Input records: Begin
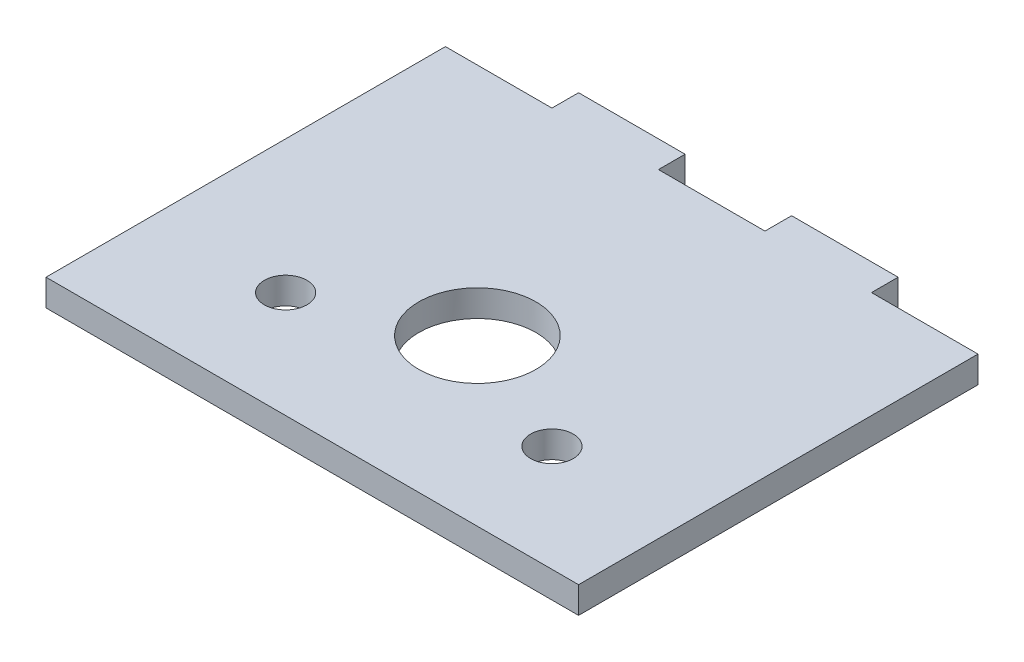
SolidWorks part; units mm, degrees
material "Acrylic (Medium-high impact)"
ref_plane "Front Plane" through (0, 0, 0) normal (0, 0, 1) x (1, 0, 0)
ref_plane "Top Plane" through (0, 0, 0) normal (0, 1, 0) x (1, 0, 0)
ref_plane "Right Plane" through (0, 0, 0) normal (1, 0, 0) x (0, 0, -1)
sketch "Sketch1" plane through (0, 0, 0) normal (0, 1, 0) x (1, 0, 0)
  line L0 (-1000, 0) -> (49000, 0) construction
  line L5 (0, -1000) -> (0, 49000) construction
  line L6 (-50, 44) -> (-30, 44)
  line L7 (-50, -31) -> (50, -31)
  line L8 (-50, -31) -> (-50, 44)
  line L9 (-30, 49) -> (-10, 49)
  line L10 (50, -31) -> (50, 44)
  line L11 (-30, 49) -> (-30, 44)
  line L12 (-10, 49) -> (-10, 44)
  line L13 (10, 49) -> (10, 44)
  line L14 (30, 49) -> (30, 44)
  line L16 (30, 44) -> (50, 44)
  line L17 (10, 49) -> (30, 49)
  line L18 (-10, 44) -> (10, 44)
  circle A10 centre (0, 0) radius 4
  circle A15 centre (25, -11) radius 4
  circle A16 centre (-25, -11) radius 4
  point P6 (0, 44)
  dimension "D3" = 8
  dimension "D4" = 20
  dimension "D12" = 8
  dimension "D2" = 100
  dimension "D5" = 31
  dimension "D7" = 5
  dimension "D9" = 4
  dimension "D8" = 20
  dimension "D10" = 20
  dimension "D11" = 80
  dimension "D13" = 25
extrude "Boss-Extrude1" add sketch "Sketch1" along normal blind 5
sketch "Sketch2" plane through (0, 5, 0) normal (0, 1, 0) x (1, 0, 0)
  circle A0 centre (0, 0) radius 11
  dimension "D1" = 22
extrude "Cut-Extrude1" cut sketch "Sketch2" against normal up to next
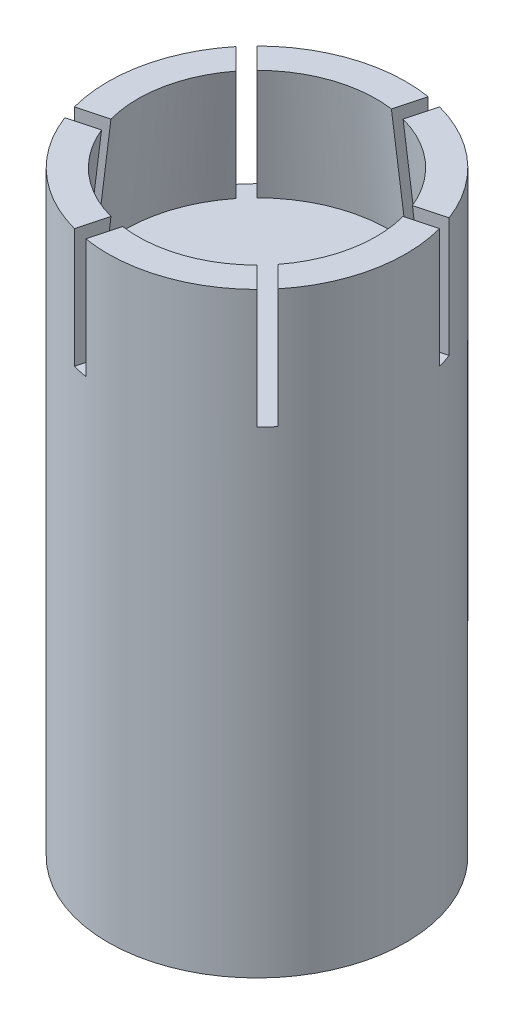
SolidWorks part; units mm, degrees
material "PE High Density"
ref_plane "Front Plane" through (0, 0, 0) normal (0, 0, 1) x (1, 0, 0)
ref_plane "Top Plane" through (0, 0, 0) normal (0, 1, 0) x (1, 0, 0)
ref_plane "Right Plane" through (0, 0, 0) normal (1, 0, 0) x (0, 0, -1)
sketch "Sketch2" plane through (0, 0, 0) normal (0, 0, 1) x (1, 0, 0)
  line L0 (0, 5.5338) -> (0, -28.1871) construction
  line L1 (0, -20) -> (5, -20)
  line L2 (5, -20) -> (5, 0)
  line L3 (5, 0) -> (0, 0)
  line L4 (0, 0) -> (0, -20) construction
  line L5 (0, 0) -> (0, -20)
  dimension "D1" = 20
  dimension "D5" = 5
revolve "Mount" add sketch "Sketch2" angle 360 about L0
sketch "Sketch3" plane through (0, 0, 0) normal (0, 1, 0) x (1, 0, 0)
  line L0 (-6.6225, 0) -> (9.9131, 0) construction
  line L1 (-4.2426, 4.2426) -> (0, 0)
  circle A0 centre (0, 0) radius 5 construction
  dimension "D2" = 6
  dimension "D1" = 45
extrude "Slots" cut sketch "Sketch3" against normal blind 4 and the other way blind 0.5 thin contours L1
pattern_circular "Slot CirPattern" count 6 over 360 about axis through (0, 0, 0) along (0, 1, 0) of "Slots"
sketch "Sketch4" plane through (0, 0, 0) normal (0, 1, 0) x (1, 0, 0)
  circle A1 centre (0, 0) radius 4
  arc A2 (0.6437, 3.9479) -> (-2.8284, 2.8284) centre (0, 0) ccw
  arc A3 (0.6437, 3.9479) -> (-2.8284, 2.8284) centre (0, 0) ccw construction
  dimension "D1" = 1
extrude "JoystickHole" cut sketch "Sketch4" against normal blind 4 draft 6 draft outward yes
Input records: End
• _Problem statement_: Repeat only the lines running from the line that contains "circle A0 centre (0, 0) radius 5" through the last line above, inclusive.

• _Your response_:
  circle A0 centre (0, 0) radius 5 construction
  dimension "D2" = 6
  dimension "D1" = 45
extrude "Slots" cut sketch "Sketch3" against normal blind 4 and the other way blind 0.5 thin contours L1
pattern_circular "Slot CirPattern" count 6 over 360 about axis through (0, 0, 0) along (0, 1, 0) of "Slots"
sketch "Sketch4" plane through (0, 0, 0) normal (0, 1, 0) x (1, 0, 0)
  circle A1 centre (0, 0) radius 4
  arc A2 (0.6437, 3.9479) -> (-2.8284, 2.8284) centre (0, 0) ccw
  arc A3 (0.6437, 3.9479) -> (-2.8284, 2.8284) centre (0, 0) ccw construction
  dimension "D1" = 1
extrude "JoystickHole" cut sketch "Sketch4" against normal blind 4 draft 6 draft outward yes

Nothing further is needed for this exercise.